The Period of Von Baer

What Johannes Müller was for physiology, von Baer was for embryology; all subsequent growth was influenced by his investigations.

The greatest classic in embryology is his Development of Animals (Entwicklungsgeschichte der Tiere—Beobachtung und Reflexion), the first part of which was published in 1828, and the work on the second part completed in 1834, although it was not published till 1837. This second part was never finished according to the plan of Von Baer, but was issued by his publisher, after vainly waiting for the finished manuscript. The final portion, which Von Baer had withheld, in order to perfect in some particulars, was published in 1888, after his death, but in the form in which he left it in 1834.

The observations for the first part began in 1819, after he had received a copy of Pander's researches, and covered a period of seven years of close devotion to the subject; and the observations for the last part were carried on at intervals for several years.

It is significant of the character of his Reflexionen that, although published before the announcement of the cell-theory, and before the acceptance of the doctrine of organic evolution, they have exerted a molding influence upon embryology to the present time. The position of von Baer in embryology is owing as much to his sagacity in speculation as to his powers as an observer. "Never again have observation and thought been so successfully combined in embryological work" (Minot).

Von Baer was born in 1792, and lived on to 1876, but his enduring fame in embryology rests on work completed more than forty years before the end of his useful life. After his removal from Königsberg to St. Petersburg, in 1834, he very largely devoted himself to anthropology in its widest sense, and thereby extended his scientific reputation into other fields.

If space permitted, it would be interesting to give the biography[6] of this extraordinary man, but here it will be necessary to content ourselves with an examination of his portraits and a brief account of his work.

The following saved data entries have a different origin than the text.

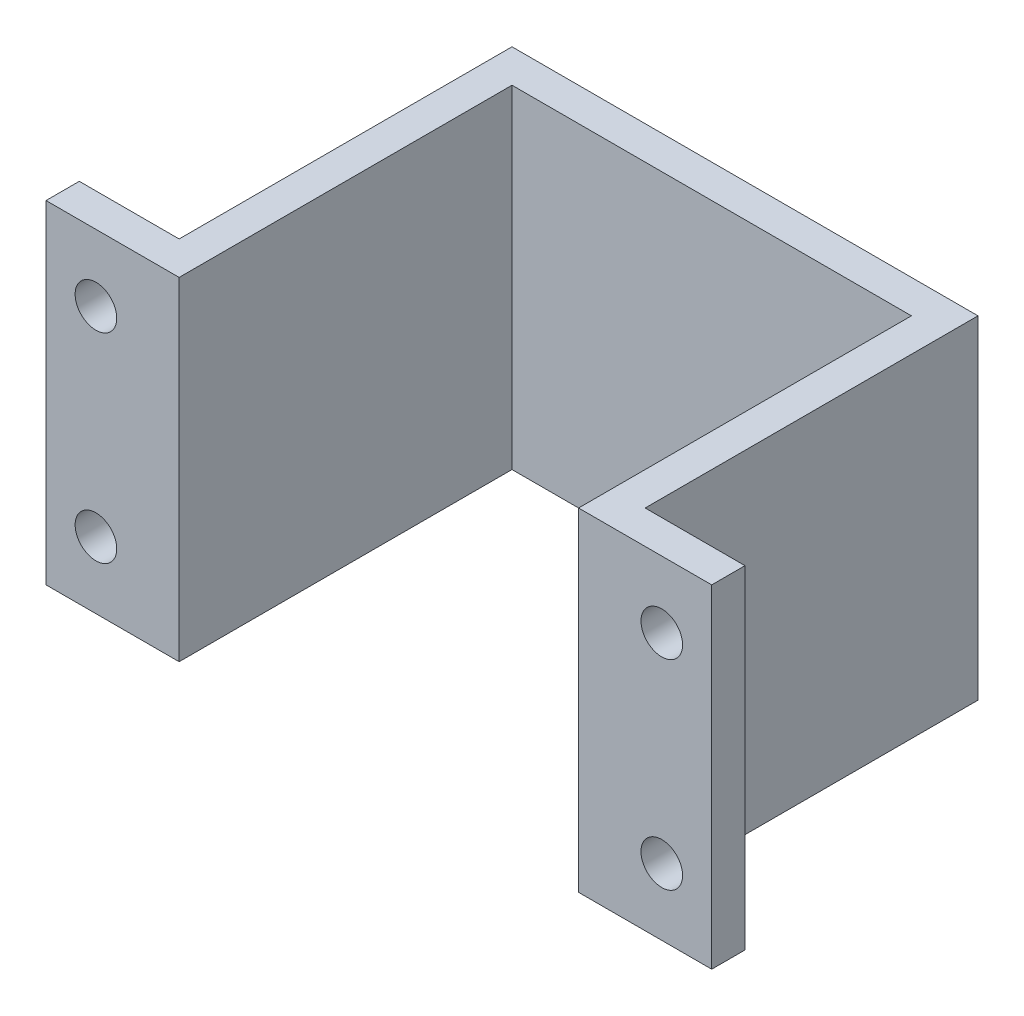
ISO-10303-21;
HEADER;
FILE_DESCRIPTION(('STEP AP214'),'2;1');
FILE_NAME('part.step','',(''),(''),'','','');
FILE_SCHEMA(('AUTOMOTIVE_DESIGN { 1 0 10303 214 1 1 1 1 }'));
ENDSEC;
DATA;
#1=APPLICATION_CONTEXT('core data for automotive mechanical design processes');
#2=APPLICATION_PROTOCOL_DEFINITION('international standard','automotive_design',2000,#1);
#3=PRODUCT_CONTEXT('',#1,'mechanical');
#4=PRODUCT('Part','Part','',(#3));
#5=PRODUCT_RELATED_PRODUCT_CATEGORY('part','',(#4));
#6=PRODUCT_DEFINITION_FORMATION('','',#4);
#7=PRODUCT_DEFINITION_CONTEXT('part definition',#1,'design');
#8=PRODUCT_DEFINITION('design','',#6,#7);
#9=PRODUCT_DEFINITION_SHAPE('','',#8);
#10=(LENGTH_UNIT() NAMED_UNIT(*) SI_UNIT(.MILLI.,.METRE.));
#11=(NAMED_UNIT(*) PLANE_ANGLE_UNIT() SI_UNIT($,.RADIAN.));
#12=(NAMED_UNIT(*) SI_UNIT($,.STERADIAN.) SOLID_ANGLE_UNIT());
#13=UNCERTAINTY_MEASURE_WITH_UNIT(LENGTH_MEASURE(1.E-05),#10,'distance_accuracy_value','');
#14=(GEOMETRIC_REPRESENTATION_CONTEXT(3) GLOBAL_UNCERTAINTY_ASSIGNED_CONTEXT((#13)) GLOBAL_UNIT_ASSIGNED_CONTEXT((#10,
#11,#12)) REPRESENTATION_CONTEXT('',''));
#15=CARTESIAN_POINT('',(0.,0.,0.));
#16=DIRECTION('',(0.,0.,1.));
#17=DIRECTION('',(1.,0.,0.));
#18=AXIS2_PLACEMENT_3D('',#15,#16,#17);
#19=CARTESIAN_POINT('',(-7.,10.,-11.));
#20=DIRECTION('',(1.,0.,0.));
#21=DIRECTION('',(0.,0.,-1.));
#22=AXIS2_PLACEMENT_3D('',#19,#20,#21);
#23=PLANE('',#22);
#24=DIRECTION('',(0.,0.,1.));
#25=VECTOR('',#24,1.);
#26=CARTESIAN_POINT('',(-7.,0.,-11.));
#27=LINE('',#26,#25);
#28=CARTESIAN_POINT('',(-7.,0.,-11.));
#29=VERTEX_POINT('',#28);
#30=CARTESIAN_POINT('',(-7.,0.,-1.));
#31=VERTEX_POINT('',#30);
#32=EDGE_CURVE('E161',#29,#31,#27,.T.);
#33=ORIENTED_EDGE('',*,*,#32,.T.);
#34=DIRECTION('',(0.,-1.,0.));
#35=VECTOR('',#34,1.);
#36=CARTESIAN_POINT('',(-7.,10.,-1.));
#37=LINE('',#36,#35);
#38=CARTESIAN_POINT('',(-7.,10.,-1.));
#39=VERTEX_POINT('',#38);
#40=EDGE_CURVE('E11',#39,#31,#37,.T.);
#41=ORIENTED_EDGE('',*,*,#40,.F.);
#42=DIRECTION('',(0.,0.,1.));
#43=VECTOR('',#42,1.);
#44=CARTESIAN_POINT('',(-7.,10.,-11.));
#45=LINE('',#44,#43);
#46=CARTESIAN_POINT('',(-7.,10.,-11.));
#47=VERTEX_POINT('',#46);
#48=EDGE_CURVE('E184',#47,#39,#45,.T.);
#49=ORIENTED_EDGE('',*,*,#48,.F.);
#50=DIRECTION('',(0.,-1.,0.));
#51=VECTOR('',#50,1.);
#52=CARTESIAN_POINT('',(-7.,10.,-11.));
#53=LINE('',#52,#51);
#54=EDGE_CURVE('E157',#47,#29,#53,.T.);
#55=ORIENTED_EDGE('',*,*,#54,.T.);
#56=EDGE_LOOP('',(#33,#41,#49,#55));
#57=FACE_BOUND('',#56,.T.);
#58=ADVANCED_FACE('F39',(#57),#23,.F.);
#59=CARTESIAN_POINT('',(-7.,10.,-1.));
#60=DIRECTION('',(0.,0.,1.));
#61=DIRECTION('',(1.,0.,0.));
#62=AXIS2_PLACEMENT_3D('',#59,#60,#61);
#63=PLANE('',#62);
#64=CARTESIAN_POINT('',(-8.5,8.,-1.00000000000001));
#65=DIRECTION('',(0.,0.,-1.));
#66=DIRECTION('',(-1.,0.,0.));
#67=AXIS2_PLACEMENT_3D('',#64,#65,#66);
#68=CIRCLE('',#67,0.624999999999999);
#69=CARTESIAN_POINT('',(-9.125,8.,-1.00000000000001));
#70=VERTEX_POINT('',#69);
#71=EDGE_CURVE('E220',#70,#70,#68,.T.);
#72=ORIENTED_EDGE('',*,*,#71,.F.);
#73=EDGE_LOOP('',(#72));
#74=FACE_BOUND('',#73,.T.);
#75=CARTESIAN_POINT('',(-8.5,2.,-1.00000000000001));
#76=DIRECTION('',(0.,0.,-1.));
#77=DIRECTION('',(-1.,0.,0.));
#78=AXIS2_PLACEMENT_3D('',#75,#76,#77);
#79=CIRCLE('',#78,0.624999999999999);
#80=CARTESIAN_POINT('',(-9.125,2.,-1.00000000000001));
#81=VERTEX_POINT('',#80);
#82=EDGE_CURVE('E210',#81,#81,#79,.T.);
#83=ORIENTED_EDGE('',*,*,#82,.F.);
#84=EDGE_LOOP('',(#83));
#85=FACE_BOUND('',#84,.T.);
#86=DIRECTION('',(-1.,0.,0.));
#87=VECTOR('',#86,1.);
#88=CARTESIAN_POINT('',(-7.,0.,-1.));
#89=LINE('',#88,#87);
#90=CARTESIAN_POINT('',(-10.,0.,-1.));
#91=VERTEX_POINT('',#90);
#92=EDGE_CURVE('E164',#31,#91,#89,.T.);
#93=ORIENTED_EDGE('',*,*,#92,.T.);
#94=DIRECTION('',(0.,-1.,0.));
#95=VECTOR('',#94,1.);
#96=CARTESIAN_POINT('',(-10.,10.,-1.));
#97=LINE('',#96,#95);
#98=CARTESIAN_POINT('',(-10.,10.,-1.));
#99=VERTEX_POINT('',#98);
#100=EDGE_CURVE('E48',#99,#91,#97,.T.);
#101=ORIENTED_EDGE('',*,*,#100,.F.);
#102=DIRECTION('',(-1.,0.,0.));
#103=VECTOR('',#102,1.);
#104=CARTESIAN_POINT('',(-7.,10.,-1.));
#105=LINE('',#104,#103);
#106=EDGE_CURVE('E112',#39,#99,#105,.T.);
#107=ORIENTED_EDGE('',*,*,#106,.F.);
#108=ORIENTED_EDGE('',*,*,#40,.T.);
#109=EDGE_LOOP('',(#93,#101,#107,#108));
#110=FACE_BOUND('',#109,.T.);
#111=ADVANCED_FACE('F267',(#74,#85,#110),#63,.F.);
#112=CARTESIAN_POINT('',(-10.,10.,-1.));
#113=DIRECTION('',(1.,0.,0.));
#114=DIRECTION('',(0.,0.,-1.));
#115=AXIS2_PLACEMENT_3D('',#112,#113,#114);
#116=PLANE('',#115);
#117=DIRECTION('',(0.,0.,1.));
#118=VECTOR('',#117,1.);
#119=CARTESIAN_POINT('',(-10.,0.,-1.));
#120=LINE('',#119,#118);
#121=CARTESIAN_POINT('',(-10.,0.,0.));
#122=VERTEX_POINT('',#121);
#123=EDGE_CURVE('E167',#91,#122,#120,.T.);
#124=ORIENTED_EDGE('',*,*,#123,.T.);
#125=DIRECTION('',(0.,-1.,0.));
#126=VECTOR('',#125,1.);
#127=CARTESIAN_POINT('',(-10.,10.,0.));
#128=LINE('',#127,#126);
#129=CARTESIAN_POINT('',(-10.,10.,0.));
#130=VERTEX_POINT('',#129);
#131=EDGE_CURVE('E203',#130,#122,#128,.T.);
#132=ORIENTED_EDGE('',*,*,#131,.F.);
#133=DIRECTION('',(0.,0.,1.));
#134=VECTOR('',#133,1.);
#135=CARTESIAN_POINT('',(-10.,10.,-1.));
#136=LINE('',#135,#134);
#137=EDGE_CURVE('E228',#99,#130,#136,.T.);
#138=ORIENTED_EDGE('',*,*,#137,.F.);
#139=ORIENTED_EDGE('',*,*,#100,.T.);
#140=EDGE_LOOP('',(#124,#132,#138,#139));
#141=FACE_BOUND('',#140,.T.);
#142=ADVANCED_FACE('F271',(#141),#116,.F.);
#143=CARTESIAN_POINT('',(-10.,10.,0.));
#144=DIRECTION('',(0.,0.,-1.));
#145=DIRECTION('',(-1.,0.,0.));
#146=AXIS2_PLACEMENT_3D('',#143,#144,#145);
#147=PLANE('',#146);
#148=CARTESIAN_POINT('',(-8.5,8.,0.));
#149=DIRECTION('',(0.,0.,-1.));
#150=DIRECTION('',(-1.,0.,0.));
#151=AXIS2_PLACEMENT_3D('',#148,#149,#150);
#152=CIRCLE('',#151,0.624999999999998);
#153=CARTESIAN_POINT('',(-9.125,8.,0.));
#154=VERTEX_POINT('',#153);
#155=EDGE_CURVE('E42',#154,#154,#152,.T.);
#156=ORIENTED_EDGE('',*,*,#155,.T.);
#157=EDGE_LOOP('',(#156));
#158=FACE_BOUND('',#157,.T.);
#159=CARTESIAN_POINT('',(-8.5,2.,0.));
#160=DIRECTION('',(0.,0.,-1.));
#161=DIRECTION('',(-1.,0.,0.));
#162=AXIS2_PLACEMENT_3D('',#159,#160,#161);
#163=CIRCLE('',#162,0.624999999999998);
#164=CARTESIAN_POINT('',(-9.125,2.,0.));
#165=VERTEX_POINT('',#164);
#166=EDGE_CURVE('E207',#165,#165,#163,.T.);
#167=ORIENTED_EDGE('',*,*,#166,.T.);
#168=EDGE_LOOP('',(#167));
#169=FACE_BOUND('',#168,.T.);
#170=DIRECTION('',(1.,0.,0.));
#171=VECTOR('',#170,1.);
#172=CARTESIAN_POINT('',(-10.,0.,0.));
#173=LINE('',#172,#171);
#174=CARTESIAN_POINT('',(-6.,0.,0.));
#175=VERTEX_POINT('',#174);
#176=EDGE_CURVE('E169',#122,#175,#173,.T.);
#177=ORIENTED_EDGE('',*,*,#176,.T.);
#178=DIRECTION('',(0.,-1.,0.));
#179=VECTOR('',#178,1.);
#180=CARTESIAN_POINT('',(-6.,10.,0.));
#181=LINE('',#180,#179);
#182=CARTESIAN_POINT('',(-6.,10.,0.));
#183=VERTEX_POINT('',#182);
#184=EDGE_CURVE('E200',#183,#175,#181,.T.);
#185=ORIENTED_EDGE('',*,*,#184,.F.);
#186=DIRECTION('',(1.,0.,0.));
#187=VECTOR('',#186,1.);
#188=CARTESIAN_POINT('',(-10.,10.,0.));
#189=LINE('',#188,#187);
#190=EDGE_CURVE('E230',#130,#183,#189,.T.);
#191=ORIENTED_EDGE('',*,*,#190,.F.);
#192=ORIENTED_EDGE('',*,*,#131,.T.);
#193=EDGE_LOOP('',(#177,#185,#191,#192));
#194=FACE_BOUND('',#193,.T.);
#195=ADVANCED_FACE('F276',(#158,#169,#194),#147,.F.);
#196=CARTESIAN_POINT('',(-6.,10.,0.));
#197=DIRECTION('',(-1.,0.,0.));
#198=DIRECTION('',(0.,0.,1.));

Portraits.—Several portraits of von Baer showing him at different periods of his life have been published. A very attractive one, taken in his early manhood, appeared in Harper's Magazine for 1898. The expression of the face is poetical, and the picture is interesting to compare with the more matured, sage-like countenance forming the frontispiece of Stieda's Life of Von Baer (see Fig. 65). This, perhaps the best of all his portraits, shows him in the full development of his powers. An examination of it impresses one with confidence in his balanced judgment and the thoroughness and profundity of his mental operations.